Um estudo publicado no final de julho por Shenhav e Randy Buckner, dois neurocientistas do Departamento de Psicologia da Universidade de Harvard, trouxe à tona uma faceta inédita da ansiedade – um sentimento que pode se tornar patológico e gerar doenças como a Síndrome do Pânico, por exemplo. A pesquisa revela que o cérebro humano reage da mesma maneira ao ser confrontado a escolhas, sejam elas positivas ou negativas.
Durante o experimento, os pacientes foram colocados em um aparelho de ressonância magnética e tiveram que optar entre as imagens de vários produtos de valor, como Ipods ou câmeras digitais. Observando o comportamento dos pacientes, os cientistas descobriram que essa escolha gerava um sentimento positivo, mas também ansiedade. Um dos motivos seria o medo de tomar uma má decisão. Esse paradoxo é inédito, como explicou à RFI Marcio Bernik, coordenador do Amban, o Ambulatório de Ansiedade do Instituto de Psiquiatria do Hospital das Clínicas da Faculdade de Medicina da Universidade de São Paulo.

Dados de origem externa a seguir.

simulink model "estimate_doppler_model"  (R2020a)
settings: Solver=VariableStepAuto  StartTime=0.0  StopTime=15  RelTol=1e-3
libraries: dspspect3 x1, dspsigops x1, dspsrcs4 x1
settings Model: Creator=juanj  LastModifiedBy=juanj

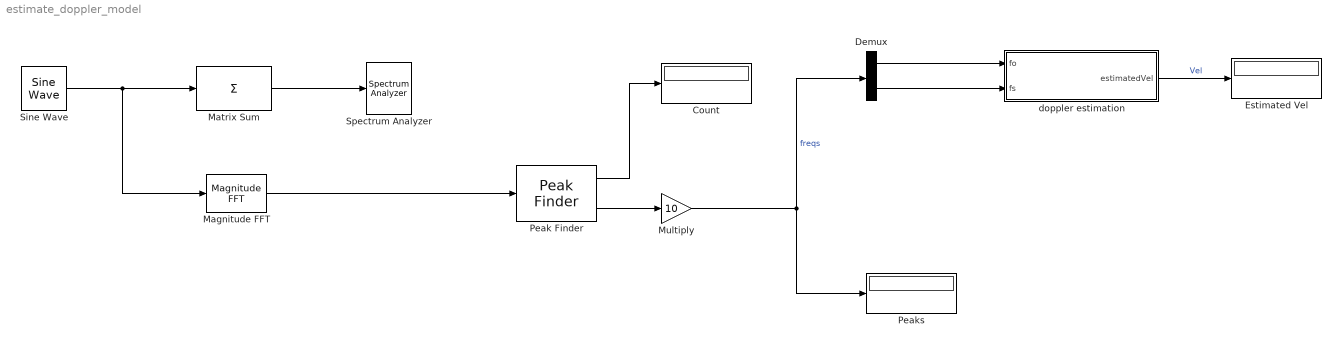
== system estimate_doppler_model ==
  Count : Display
  Demux : Demux  Outputs=2
  Estimated Vel : Display
  Magnitude FFT : dspspect3/Magnitude FFT  mag_or_magsq=Magnitude squared  FFTImplementation=Auto  fftLenInherit=off  fftsize=1000  WrapInput=on
      settings: SourceProductBaseCode=DS
  Matrix Sum : Sum  Inputs=+  CollapseMode=Specified dimension  CollapseDim=2
  Multiply : Gain  Gain=10  OutDataTypeStr=double  ParamDataTypeStr=Inherit: Same as input
  Peak Finder : dspsigops/Peak Finder  polarity=Maxima  outputIdx=on  outputVal=off  maxPeaks=1  NoiseDistinguish=off  thresh=0  roundingMode=Floor  overflowMode=off
      settings: SourceProductBaseCode=DS  allowOverrides=off
  Peaks : Display
      settings: Decimation=2
  Sine Wave : dspsrcs4/Sine Wave  Amplitude=1  Frequency=[1520 1600]  Phase=0  SampleMode=Discrete  OutComplex=Complex  CompMethod=Trigonometric fcn  TableSize=Speed  SampleTime=1/10000  SamplesPerFrame=2  ResetState=Restart at time zero  OutputFrames=off  dataType=double  wordLen=16  udDataType=sfix(16)  fracBitsMode=Best precision  numFracBits=15  OutDataTypeStr=double  LastOutDataTypeStr=double
  Spectrum Analyzer : SpectrumAnalyzer
  doppler estimation : MATLAB Function  TreatAsAtomicUnit=on
  wires:
  Sine Wave/1 -> Magnitude FFT/1, Matrix Sum/1
  Matrix Sum/1 -> Spectrum Analyzer/1
  Peak Finder/2 -> Multiply/1
  Magnitude FFT/1 -> Peak Finder/1
  Multiply/1 -> Demux/1, Peaks/1  "freqs"
  doppler estimation/1(estimatedVel) -> Estimated Vel/1  "Vel"
  Peak Finder/1 -> Count/1
  Demux/2 -> doppler estimation/2(fs)
  Demux/1 -> doppler estimation/1(fo)

== matlab function estimate_doppler_model/doppler estimation ==
  data: fo input; fs input; estimatedVel output
function estimatedVel = fcn(fo, fs)
%#codegen
c = 2.997e8; % Velocidad de la luz
estimatedVel = (c*fs)/fo - c; % Fórmula del efecto Doppler

RFI – Por que este estudo é inédito ?
Márcio Bernik – O estudo é inovador porque aborda um paradoxo.Normalmente a ansiedade surge entre uma escolha que sempre tem um valor motivacional negativo. Ou seja, existe uma necessidade de aproximação para obter um ganho e existe um risco com essa aproximação. O exemplo mais simples é um animal procurar comida na floresta, onde pode ter comida, mas também predadores. Antes desse estudo, ansiedade era sempre descrita como tendo um valor motivacional negativo, ou seja, a pessoa se sente mal diante de uma possibilidade.
RFI – Quando a ansiedade se torna patológica ?
M. B – Na verdade quando falamos de ansiedade neste contexto, que são mecanismos de defesa cerebral, você tem três situações emocionais distintas: medo, quando você tem antecipação só de um perigo, mas esse perigo não tem um risco imediato para você de destruição. O comportamento costuma ser de uma fuga simples: você se afasta e se esquiva do perigo. Isso corresponde à vivência de medo no ser humano. Quando existe a proximidade de algo que pode causar sua destruição, a vivência no ser humano é aquela que chamamos de pânico. Nos animais chamamos de reação de fuga e luta.
Ela é caracterizada por uma fuga desorganizada: a pessoa fica confusa, querendo sair do lugar de qualquer maneira. O importante é que cada uma dessas reações cerebrais tenha um substrato cerebral diferente. O substrato do pânico não é o mesmo do medo e não é o mesmo da ansiedade, que é o estado emocional quando o risco é incerto – uma avaliação de que a aproximação daquilo que ele deseja é bom, ou existe um risco. É o conflito : quando existe conflito, você tem ansiedade e não tem fuga, tem imobilidade, incapacidade e demora em decidir o que fazer.
RFI – Ansiedade então é patológica quando gera sintomas?
M. B – Essa ansiedade se torna patológica quando leva a sofrimento excessivo ou prejuízo funcional – a pessoa é incapaz de decidir a ponto de deixar a vida decidir por ela. Outro exemplo é não conseguir sair de casa sem ter muitos sintomas físicos ou sofrimento emocional. Mas no dia a dia, é importante que a pessoa saiba reconhecer que a ansiedade é algo normal, que é natural, que faz parte da sua personalidade e muitas vezes é um preço a pagar para conseguir algo que você considere realmente importante. O importante, então, é o autoconhecimento e fazer escolhas importantes para você, não o que a sociedade diz que é o melhor.